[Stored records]
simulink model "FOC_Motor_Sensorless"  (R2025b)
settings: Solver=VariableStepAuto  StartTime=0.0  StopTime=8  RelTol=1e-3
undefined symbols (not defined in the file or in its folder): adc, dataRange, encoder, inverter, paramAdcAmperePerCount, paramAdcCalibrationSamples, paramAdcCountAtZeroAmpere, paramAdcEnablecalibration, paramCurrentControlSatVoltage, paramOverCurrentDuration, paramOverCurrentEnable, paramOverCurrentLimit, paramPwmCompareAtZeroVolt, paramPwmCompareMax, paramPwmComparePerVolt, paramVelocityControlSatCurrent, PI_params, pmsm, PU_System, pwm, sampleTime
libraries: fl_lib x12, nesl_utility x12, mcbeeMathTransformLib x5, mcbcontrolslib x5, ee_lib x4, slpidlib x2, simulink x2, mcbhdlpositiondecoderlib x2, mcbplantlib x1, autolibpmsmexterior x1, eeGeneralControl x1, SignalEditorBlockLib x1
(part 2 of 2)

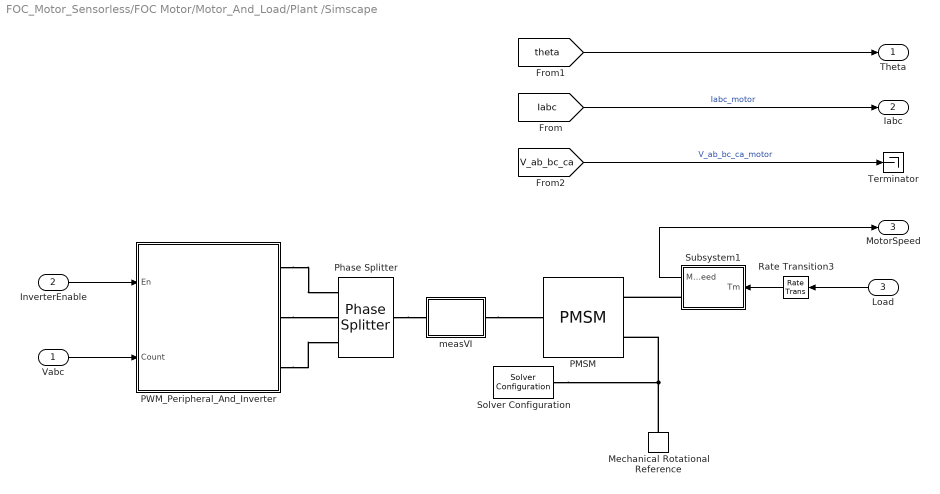
== system FOC_Motor_Sensorless/FOC Motor/Motor_And_Load/Plant /Simscape ==
  Vabc : Inport
  InverterEnable : Inport  Port=2
  Load : Inport  Port=3
  Mechanical Rotational Reference : fl_lib/Mechanical/Rotational Elements/Mechanical Rotational Reference
  PMSM : ee_lib/Electromechanical/Permanent Magnet/PMSM  port_option=ee.enum.threePhasePort.composite  winding_type=ee.enum.statorconnection.wye  machine_param=ee.enum.pmsm.parameterization.constant  nPolePairs=pmsm.p  pmflux_param=ee.enum.pmflux.fluxlinkage  pm_flux_linkage=pmsm.FluxPM Wb  torque_constant=0.18 N*m/A  back_emf_constant=0.18 V/(rad/s)  stator_param=ee.enum.statorparam.LdLqL0  Ld=pmsm.Ld H  Lq=pmsm.Lq H  idVec=[-200, 0, 200] A  iqVec=[-200, 0, 200] A  LdMatrix=0.0002 * ones(3, 3) H  LqMatrix=0.0002 * ones(3, 3) H  PmMatrix=0.1 * ones(3, 3) Wb  ktMatrix=0.18 * ones(3, 3) N*m/A  keMatrix=0.18 * ones(3, 3) V/(rad/s)  L0=0 H  Ls=0.0002 H  Lm=-0.00002 H  Ms=0.00002 H  Rs=pmsm.Rs Ohm  zero_sequence=ee.enum.park.zerosequence.exclude  axes_param=ee.enum.rotorangle.daxis  loss_param=ee.enum.ironloss.none  losses_oc=[0, 0, 0] W  losses_sc=[0, 0, 0] W  f_losses=60 Hz  Isc_losses=95 A  J=pmsm.J kg*m^2  lam=pmsm.B N*m/(rad/s)  i_d_specify=off  i_d_priority=None  i_d=0 A  i_d_nominal_specify=off  i_d_nominal_value=1  i_d_nominal_unit=A  i_q_specify=off  i_q_priority=None  i_q=0 A  i_q_nominal_specify=off  i_q_nominal_value=1  i_q_nominal_unit=A  torque_specify=off  torque_priority=None  torque=0 N*m  torque_nominal_specify=off  torque_nominal_value=1  torque_nominal_unit=N*m  angular_velocity_specify=off  angular_velocity_priority=High  angular_velocity=0 rpm  angular_velocity_nominal_specify=off  angular_velocity_nominal_value=1  angular_velocity_nominal_unit=rpm  angular_position_specify=off  angular_position_priority=High  angular_position=0 deg  angular_position_nominal_specify=off  angular_position_nominal_value=1  angular_position_nominal_unit=deg  alpha=3.93e-3 1/K  alpha_flux=-0.001 1/K  Tmeas=298.15 K  stator_thermal_mass=100 J/K  rotor_thermal_mass=200 J/K  Rm_percent_rotor=90  Rd_percent_rotor=30  temperatureA_specify=off  temperatureA_priority=High  temperatureA=25 degC  temperatureA_nominal_specify=off  temperatureA_nominal_value=1  temperatureA_nominal_unit=degC  temperatureB_specify=off  temperatureB_priority=High  temperatureB=25 degC  temperatureB_nominal_specify=off  temperatureB_nominal_value=1  temperatureB_nominal_unit=degC  temperatureC_specify=off  temperatureC_priority=High  temperatureC=25 degC  temperatureC_nominal_specify=off  temperatureC_nominal_value=1  temperatureC_nominal_unit=degC  temperatureR_specify=off  temperatureR_priority=High  temperatureR=25 degC  temperatureR_nominal_specify=off  temperatureR_nominal_value=1  temperatureR_nominal_unit=degC
      settings: InternalSimscapePortConfiguration="{\"Bottom\":[],\"Left\":[{\"id\":\"N\",\"label\":\"~\",\"type\":\"foundation.electrical.three_phase\"}],\"Right\":[{\"id\":\"R\",\"label\":\"R\",\"type\":\"foundation.mechanical.rotational.rotational\"},{\"id\":\"C\",\"label\":\"C\",\"type\":\"foundation.mechanical.rotational.rotational\"}],\"Top\":[]}"
  PWM_Peripheral_And_Inverter : Subsystem  VariantControl=variantPwm == enumPwm.behavior
      mask Display:
      | image('pwmPeripheralAndInverterMask.png')
      | port_label('input',1,'En')
      | port_label('input',2,'Compare')
      | text(0.98, 0.64, 'A', 'HorizontalAlignment', 'Right')
      | text(0.98, 0.38, 'B', 'HorizontalAlignment', 'Right')
      | text(0.98, 0.12, 'C', 'HorizontalAlignment', 'Right')
  Phase Splitter : ee_lib/Connectors & References/Phase Splitter
  Rate Transition3 : RateTransition  Deterministic=off  OutPortSampleTime=sampleTime.CurrentControl/2
  Solver Configuration : nesl_utility/Solver Configuration  PhysicalDomain=network_engine_domain  SubClassName=solver  LeftPortType=input  RightPortType=generic  Tones=[]  Harmonics=[]  SimulateNoise=off  Profile=off  UseLocalSampling=off  EnableSwitchedLinearOptims=on  FrequencyDomain=off  UseCCode=off  RelTol=0.001  AbsTol=1e-06  MinStep=1e-09  ToWorkspace=off  RevertToSquareIcSolve=off  NumHomotopyIterations=100  PhasorMode=off  PhasorModeNumHarmonics=1  ConsistencySolver=NEWTON_FTOL  IndexReductionMethod=DerivativeReplacement  DoDC=off  ResidualTolerance=1e-09  ConsistencyTolSource=GLOBAL  ConsistencyAbsTol=0.001  ConsistencyRelTol=0.001  ConsistencyTolFactor=0.001  UseLocalSolver=on  LocalSolverChoice=NE_BACKWARD_EULER_ADVANCER  ResolveIndetEquations=on  FunctionEvalNumThread=1  LocalSolverSampleTime=sampleTime.CurrentControl/2  DoFixedCost=on  MaxNonlinIter=3  MaxModeIter=2  ComputeImpulses=off  ImpulseIterations=1  LinearAlgebra=Full  LinearAlgebraNumThread=0  EquationFormulation=NE_TIME_EF  DelaysMemoryBudget=1024  AutomaticFiltering=off  FilteringTimeConstant=0.001  PartitionStorageMethod=AS_NEEDED  PartitionMemoryBudget=1024  PartitionMethod=ROBUST  MultibodyUseLocalSolver=off  MultibodyLocalSolverChoice=ODE1  MultibodyLocalSolverSampleTime=0.001
  Subsystem1 : Subsystem
  Terminator : Terminator
  measVI : Subsystem
  Theta : Outport
  Iabc : Outport  Port=2
  MotorSpeed : Outport  Port=3
  wires:
  Subsystem1/1(MotorSpeed) -> MotorSpeed/1
  [V_ab_bc_ca] -> Terminator/1  "V_ab_bc_ca_motor"
  Rate Transition3/1 -> Subsystem1/1(Tm)
  [theta] -> Theta/1
  [Iabc] -> Iabc/1  "Iabc_motor"
  Load/1 -> Rate Transition3/1
  Vabc/1 -> PWM_Peripheral_And_Inverter/2(Count)
  InverterEnable/1 -> PWM_Peripheral_And_Inverter/1(En)
  connections:
  Subsystem1/RConn1 -- PMSM/RConn1
  Mechanical Rotational Reference/LConn1 -- PMSM/RConn2 -- Solver Configuration/RConn1
  measVI/RConn1 -- PMSM/LConn1
  Phase Splitter/LConn1 -- measVI/LConn1
  PWM_Peripheral_And_Inverter/RConn1 -- Phase Splitter/RConn1
  PWM_Peripheral_And_Inverter/RConn2 -- Phase Splitter/RConn2
  PWM_Peripheral_And_Inverter/RConn3 -- Phase Splitter/RConn3

== system FOC_Motor_Sensorless/FOC Motor/Motor_And_Load/Sensor_Measurements/Get_PU  ==
  rad : Inport
  Constant2 : Constant  Value=2*pi  OutDataTypeStr=single  SampleTime=-1
  Get_PU : Gain  Gain=1/(2*pi)  RndMeth=Simplest  OutDataTypeStr=Inherit: Same as input
  Mod : Math  Operator=mod
  PU : Outport  VectorParamsAs1DForOutWhenUnconnected=off
  wires:
  rad/1 -> Mod/1
  Constant2/1 -> Mod/2
  Mod/1 -> Get_PU/1
  Get_PU/1 -> PU/1

== system FOC_Motor_Sensorless/FOC Motor/Motor_And_Load/Sensor_Measurements/Wrap ==
  in : Inport
  Constant2 : Constant  OutDataTypeStr=single  SampleTime=-1
  Mod : Math  Operator=mod
  out : Outport  VectorParamsAs1DForOutWhenUnconnected=off
  wires:
  in/1 -> Mod/1
  Constant2/1 -> Mod/2
  Mod/1 -> out/1

== system FOC_Motor_Sensorless/FOC Motor/Controller_Algorithm_Local/Algorithm_HDL/FOC_Current_Control/ADC_Count_To_Current ==
  note: ADC Count to Current
  Count : Inport  OutMin=0  OutMax=2^16-1  OutDataTypeStr=uint16  LockScale=on
  ADC_Offsets : Inport  Port=2
  Add : Sum  Inputs=+-  OutDataTypeStr=int16  LockScale=on
  Data_Type_Convert : DataTypeConversion  OutDataTypeStr=int32  SaturateOnIntegerOverflow=off  RndMeth=Floor  LockScale=on
  Product : Product  OutDataTypeStr=fixdt(1,32,19)
  Sat : Saturate  UpperLimit=dataRange.PhaseCurrent.Max  LowerLimit=dataRange.PhaseCurrent.Min  OutDataTypeStr=fixdt(1,16,11)
      settings: AttributesFormatString=-----------------\nLower = %<LowerLimit>\nUpper = %<UpperLimit>
  Scalar : Constant  Value=paramAdcAmperePerCount  OutDataTypeStr=fixdt(1,16,19)  SampleTime=-1
  Current : Outport  VectorParamsAs1DForOutWhenUnconnected=off
  ADC_Counts : Outport  Port=2  VectorParamsAs1DForOutWhenUnconnected=off
  wires:
  ADC_Offsets/1 -> Add/2
  Scalar/1 -> Product/2
  Add/1 -> Product/1
  Count/1 -> ADC_Counts/1, Data_Type_Convert/1
  Data_Type_Convert/1 -> Add/1
  Product/1 -> Sat/1
  Sat/1 -> Current/1

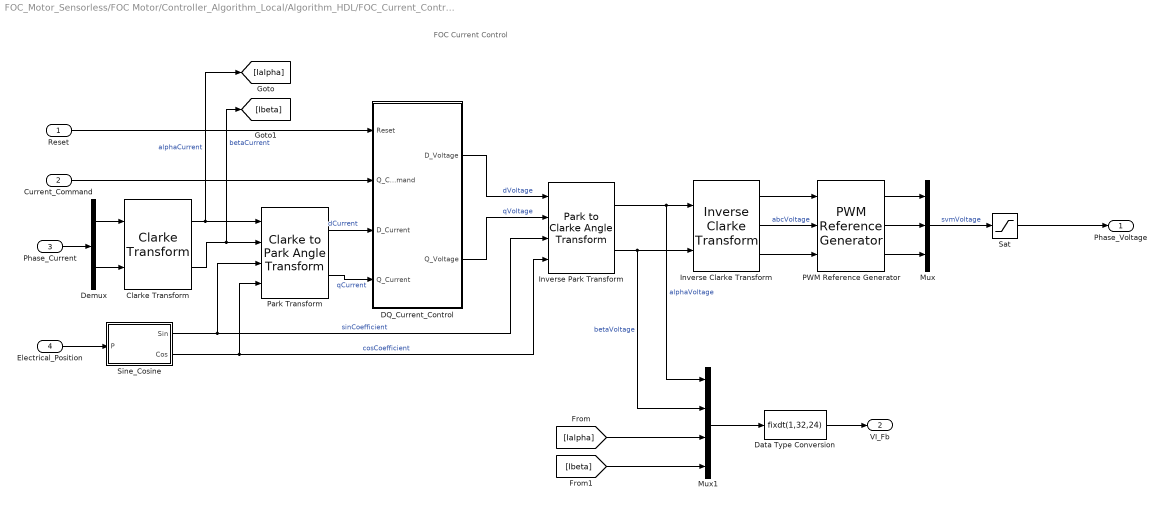
== system FOC_Motor_Sensorless/FOC Motor/Controller_Algorithm_Local/Algorithm_HDL/FOC_Current_Control/FOC_Current_Control ==
  note: FOC Current Control
  Reset : Inport  SampleTime=sampleTime.CurrentControl
  Current_Command : Inport  Port=2  OutMin=dataRange.PhaseCurrent.Min  OutMax=dataRange.PhaseCurrent.Max  OutDataTypeStr=fixdt(1,16,11)  SampleTime=sampleTime.CurrentControl
  Phase_Current : Inport  Port=3  OutMin=dataRange.PhaseCurrent.Min  OutMax=dataRange.PhaseCurrent.Max  OutDataTypeStr=fixdt(1,16,11)  SampleTime=sampleTime.CurrentControl
  Electrical_Position : Inport  Port=4  OutMin=0  OutMax=2*pi  OutDataTypeStr=fixdt(1,16,12)  SampleTime=sampleTime.CurrentControl
  Clarke Transform : mcbeeMathTransformLib/Clarke Transform  VariantControl=Variant2  PowerInvariant=off  UseWithEmbedded=on  PhaseInput=Two inputs
      settings: LibrarySourceBlock=mcbcontrolslib/Clarke Transform
  DQ_Current_Control : Subsystem
  Data Type Conversion : DataTypeConversion  OutDataTypeStr=fixdt(1,32,24)  SaturateOnIntegerOverflow=off  RndMeth=Floor
  Demux : Demux  Outputs=2
  Inverse Clarke Transform : mcbeeMathTransformLib/Inverse Clarke Transform  PowerInvariant=off  UseWithEmbedded=on  PhaseInput=Two inputs
      settings: LibrarySourceBlock=mcbcontrolslib/Inverse Clarke Transform
  Inverse Park Transform : mcbeeMathTransformLib/Park to Clarke Angle Transform  AxisAlignment=D-axis  UseWithEmbedded=on  PhaseInput=Two inputs  ThetaInput=Sine and Cosine electrical position  AngleInput=Per-unit  N_points=1024
      settings: LibrarySourceBlock=mcbcontrolslib/Inverse Park Transform
  Mux : Mux  Inputs=3
  Mux1 : Mux
  PWM Reference Generator : mcbcontrolslib/PWM Reference Generator  inSignal=Vabc  modType=SVM: space vector modulation
      settings: LibrarySourceBlock=mcbhdllib/Controls/Math Transforms/PWM Reference Generator
  Park Transform : mcbeeMathTransformLib/Clarke to Park Angle Transform  AxisAlignment=D-axis  UseWithEmbedded=on  PhaseInput=Two inputs  ThetaInput=Sine and Cosine electrical position  AngleInput=Per-unit  N_points=1024
      settings: LibrarySourceBlock=mcbcontrolslib/Park Transform
  Sat : Saturate  UpperLimit=dataRange.PhaseVoltage.Max  LowerLimit=dataRange.PhaseVoltage.Min  OutDataTypeStr=fixdt(1,16,11)
      settings: AttributesFormatString=-----------------\nLower = %<LowerLimit>\nUpper = %<UpperLimit>
  Sine_Cosine : Subsystem
  Phase_Voltage : Outport  SampleTime=sampleTime.CurrentControl  VectorParamsAs1DForOutWhenUnconnected=off
  VI_Fb : Outport  Port=2
  wires:
  Sine_Cosine/1(Sin) -> Inverse Park Transform/3, Park Transform/3  "sinCoefficient"
  Sine_Cosine/2(Cos) -> Park Transform/4, Inverse Park Transform/4  "cosCoefficient"
  Electrical_Position/1 -> Sine_Cosine/1(P)
  Phase_Current/1 -> Demux/1
  Clarke Transform/1 -> [Ialpha], Park Transform/1  "alphaCurrent"
  Clarke Transform/2 -> [Ibeta], Park Transform/2  "betaCurrent"
  Inverse Park Transform/1 -> Mux1/1, Inverse Clarke Transform/1  "alphaVoltage"
  Inverse Park Transform/2 -> Mux1/2, Inverse Clarke Transform/2  "betaVoltage"
  Park Transform/1 -> DQ_Current_Control/3(D_Current)  "dCurrent"
  Park Transform/2 -> DQ_Current_Control/4(Q_Current)  "qCurrent"
  Current_Command/1 -> DQ_Current_Control/2(Q_Command)
  DQ_Current_Control/1(D_Voltage) -> Inverse Park Transform/1  "dVoltage"
  DQ_Current_Control/2(Q_Voltage) -> Inverse Park Transform/2  "qVoltage"
  Mux/1 -> Sat/1  "svmVoltage"
  Sat/1 -> Phase_Voltage/1
  Reset/1 -> DQ_Current_Control/1(Reset)
  Demux/1 -> Clarke Transform/1
  Demux/2 -> Clarke Transform/2
  Inverse Clarke Transform/1 -> PWM Reference Generator/1
  Inverse Clarke Transform/2 -> PWM Reference Generator/2  "abcVoltage"
  Inverse Clarke Transform/3 -> PWM Reference Generator/3
  PWM Reference Generator/1 -> Mux/1
  PWM Reference Generator/2 -> Mux/2
  PWM Reference Generator/3 -> Mux/3
  Mux1/1 -> Data Type Conversion/1
  Data Type Conversion/1 -> VI_Fb/1
  [Ibeta] -> Mux1/4
  [Ialpha] -> Mux1/3

== system FOC_Motor_Sensorless/FOC Motor/Controller_Algorithm_Local/Algorithm_HDL/FOC_Current_Control/FO_Position_Velocity ==
  note: Fo Position And Velocity
  VIFb : Inport
  Reset : Inport  Port=2
  Data Type Conversion : DataTypeConversion  OutDataTypeStr=fixdt(1,16,12)  SaturateOnIntegerOverflow=off  RndMeth=Floor
  Data Type Conversion1 : DataTypeConversion  SaturateOnIntegerOverflow=off  RndMeth=Floor
  Data Type Conversion2 : DataTypeConversion  OutDataTypeStr=fixdt(1,16,5)  SaturateOnIntegerOverflow=off  RndMeth=Floor
  Demux : Demux
  Flux Observer : mcbhdlpositiondecoderlib/Flux Observer  DataTypeSelect=off  ParameterBusInput=off  MotorSelection=PMSM  BlockInputUnit=SI unit  PerUnitVoltage=13.86  PerUnitCurrent=19.3  PositionSelect=on  FluxSelect=off  TorqueSelect=off  PolePairs=4  StatorResistance=pmsm.Rs  StatorDAxisInductance=pmsm.Ld  StatorLeakageInductance=0.0068  RotorLeakageInductance=0.0068  MagnetizingInductance=0.0300  CutoffFreq=3.1863  BlockSampleTime=sampleTime.CurrentControl  PositionUnit=Radians  PositionDatatype=fixdt(1,32,24)  FluxUnit=Weber  PerUnitFlux=0.1  FluxDatatype=fixdt(1,16,11)  TorqueUnit=Nm  PerUnitTorque=100  TorqueDatatype=fixdt(1,16,11)  DataType=0
      settings: LibrarySourceBlock=mcbhdllib/Sensorless Estimators/Flux Observer
  NOT : Logic  Operator=NOT  IconShape=distinctive  AllPortsSameDT=off  OutDataTypeStr=boolean
  Speed Measurement1 : mcbhdlpositiondecoderlib/Speed Measurement  PositionUnit=Radians  PositionScalingDatatype=uint32  SpeedCalculationMode=Time interval for speed calculation  SampleTimeAsync=sampleTime.EncoderPosition  MaximumApplicationSpeed=1000  SpeedResolution=5e-6  DelayLength=30  MaximumMeasurableSpeed=24999  MeasurableSpeedResolution=1.1642e-05  SpeedUnit=Radians/Sec  PerUnitSpeed=1000  SpeedDataType=fixdt(1,32,18)
      settings: LibrarySourceBlock=mcbhdllib/Sensor Decoders/Speed Measurement
  elect2mech : Gain  Gain=1/pmsm.p  RndMeth=Simplest  OutDataTypeStr=Inherit: Same as input
  Rotor_Position : Outport  VectorParamsAs1DForOutWhenUnconnected=off
  Electrical_Position : Outport  Port=2  VectorParamsAs1DForOutWhenUnconnected=off
  Rotor_Velocity : Outport  Port=3  VectorParamsAs1DForOutWhenUnconnected=off
  wires:
  Speed Measurement1/1 -> elect2mech/1
  Flux Observer/1 -> Speed Measurement1/1, Data Type Conversion1/1
  elect2mech/1 -> Data Type Conversion2/1
  Demux/1 -> Flux Observer/1
  Demux/2 -> Flux Observer/2
  Demux/3 -> Flux Observer/3
  Demux/4 -> Flux Observer/4
  Reset/1 -> NOT/1
  NOT/1 -> Flux Observer/5
  Data Type Conversion/1 -> Rotor_Position/1
  VIFb/1 -> Demux/1
  Data Type Conversion1/1 -> Data Type Conversion/1, Electrical_Position/1
  Data Type Conversion2/1 -> Rotor_Velocity/1

== system FOC_Motor_Sensorless/FOC Motor/Controller_Algorithm_Local/Algorithm_HDL/FOC_Current_Control/Over_Current_Detector ==
  note: Over Current Detector
  Motor_On : Inport  OutMin=0  OutMax=1  OutDataTypeStr=boolean  LockScale=on
  Phase_Current : Inport  Port=2  OutMin=dataRange.PhaseCurrent.Min  OutMax=dataRange.PhaseCurrent.Max  OutDataTypeStr=fixdt(1,16,11)
  AND : Logic  IconShape=distinctive  AllPortsSameDT=off  OutDataTypeStr=boolean
  AND1 : Logic  IconShape=distinctive  AllPortsSameDT=off  OutDataTypeStr=boolean
  Abs : Abs  SaturateOnIntegerOverflow=off
      settings: LockScale=on
  Demux : Demux  Outputs=2
  Detect_Over_Current_Error : Stateflow chart  TreatAsAtomicUnit=on
  Enable_Over_Current_Detection : Constant  Value=paramOverCurrentEnable  OutDataTypeStr=boolean  SampleTime=-1  LockScale=on
  Motor_On1 : InportShadow  OutMin=0  OutMax=1  OutDataTypeStr=boolean
      settings: LockScale=on
  NOT : Logic  Operator=NOT  IconShape=distinctive  AllPortsSameDT=off  OutDataTypeStr=boolean
  Over_Current_Duration : Constant  Value=paramOverCurrentDuration  OutDataTypeStr=fixdt(1,16,14)  SampleTime=-1
  Over_Current_Limit : Constant  Value=paramOverCurrentLimit  OutDataTypeStr=fixdt(1,16,11)  SampleTime=-1
  Tick_Per_Sec : Gain  Gain=1/sampleTime.OverCurrentDetector  ParamDataTypeStr=fixdt(1,16,0)  OutDataTypeStr=uint16  LockScale=on
      settings: AttributesFormatString=---------------------------\nGain = %<Gain>
  En_Inv : Outport  VectorParamsAs1DForOutWhenUnconnected=off
  Error : Outport  Port=2  VectorParamsAs1DForOutWhenUnconnected=off
  wires:
  Tick_Per_Sec/1 -> Detect_Over_Current_Error/5(overCurrentDurationTicks)
  Phase_Current/1 -> Abs/1
  Abs/1 -> Demux/1
  Demux/2 -> Detect_Over_Current_Error/3(phaseCurrentB)
  Detect_Over_Current_Error/1(error) -> Error/1, NOT/1  "overCurrentErrorDetected"
  Over_Current_Duration/1 -> Tick_Per_Sec/1
  Over_Current_Limit/1 -> Detect_Over_Current_Error/4(overCurrentLimit)
  Demux/1 -> Detect_Over_Current_Error/2(phaseCurrentA)
  Motor_On/1 -> AND/1
  AND1/1 -> En_Inv/1  "enableInverter"
  NOT/1 -> AND1/2
  Motor_On1/1 -> AND1/1
  AND/1 -> Detect_Over_Current_Error/1(enableOverCurrentDetect)
  Enable_Over_Current_Detection/1 -> AND/2

== system FOC_Motor_Sensorless/FOC Motor/Controller_Algorithm_Local/Algorithm_HDL/FOC_Current_Control/Voltage_To_PWM_Compare ==
  note: Voltage To PWM Compare
  Voltage : Inport  OutMin=dataRange.PhaseVoltage.Min  OutMax=dataRange.PhaseVoltage.Max  OutDataTypeStr=fixdt(1,16,11)
  Add : Sum  OutDataTypeStr=fixdt(1,32,17)
  Bias : Constant  Value=paramPwmCompareAtZeroVolt  OutDataTypeStr=fixdt(1,16,2)  SampleTime=-1
  Data_Type_Conversion : DataTypeConversion  OutDataTypeStr=uint16  SaturateOnIntegerOverflow=off  RndMeth=Floor  LockScale=on
  Saturation : Saturate  UpperLimit=paramPwmCompareMax  LowerLimit=0
      settings: AttributesFormatString=|
      | --------------------------------
      | Upper Limit = %<UpperLimit>
      | Lower Limit = %<LowerLimit>
  Slope : Gain  Gain=paramPwmComparePerVolt  ParamDataTypeStr=fixdt(1,16,6)  OutDataTypeStr=fixdt(1,32,18)
      settings: AttributesFormatString=|
      | ----------------------------------------
      | Gain = %<Gain>
  Compare : Outport  VectorParamsAs1DForOutWhenUnconnected=off
  wires:
  Data_Type_Conversion/1 -> Compare/1  "pwmCompare"
  Voltage/1 -> Slope/1  "phaseVoltage"
  Slope/1 -> Add/1
  Saturation/1 -> Data_Type_Conversion/1
  Bias/1 -> Add/2
  Add/1 -> Saturation/1

== system FOC_Motor_Sensorless/FOC Motor/Controller_Algorithm_Local/Algotithm_C/Open_Loop_Velocity_Control/Open_Loop_Control ==
  OpenLoopSpeed : Inport
  Gain : Gain  Gain=sampleTime.VelocityControl*PU_System.N_base*pmsm.p/60  OutDataTypeStr=Inherit: Same as input  ParamDataTypeStr=Inherit: Same as input
  Position Generator : mcbcontrolslib/Position Generator  AngleOutput=Per-unit  InitialThetaSource=Specify via dialog  ExternalReset=none  Offset=0
  Pos_PU_Out : Outport
  wires:
  Position Generator/1 -> Pos_PU_Out/1
  Gain/1 -> Position Generator/1
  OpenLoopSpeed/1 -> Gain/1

• ABOUT THIS TASK
Output the lines above exactly, but only those between the line holding "Scalar : Constant" and the line holding "Sat/1 -> Current/1", inclusive.

• YOUR RESPONSE
  Scalar : Constant  Value=paramAdcAmperePerCount  OutDataTypeStr=fixdt(1,16,19)  SampleTime=-1
  Current : Outport  VectorParamsAs1DForOutWhenUnconnected=off
  ADC_Counts : Outport  Port=2  VectorParamsAs1DForOutWhenUnconnected=off
  wires:
  ADC_Offsets/1 -> Add/2
  Scalar/1 -> Product/2
  Add/1 -> Product/1
  Count/1 -> ADC_Counts/1, Data_Type_Convert/1
  Data_Type_Convert/1 -> Add/1
  Product/1 -> Sat/1
  Sat/1 -> Current/1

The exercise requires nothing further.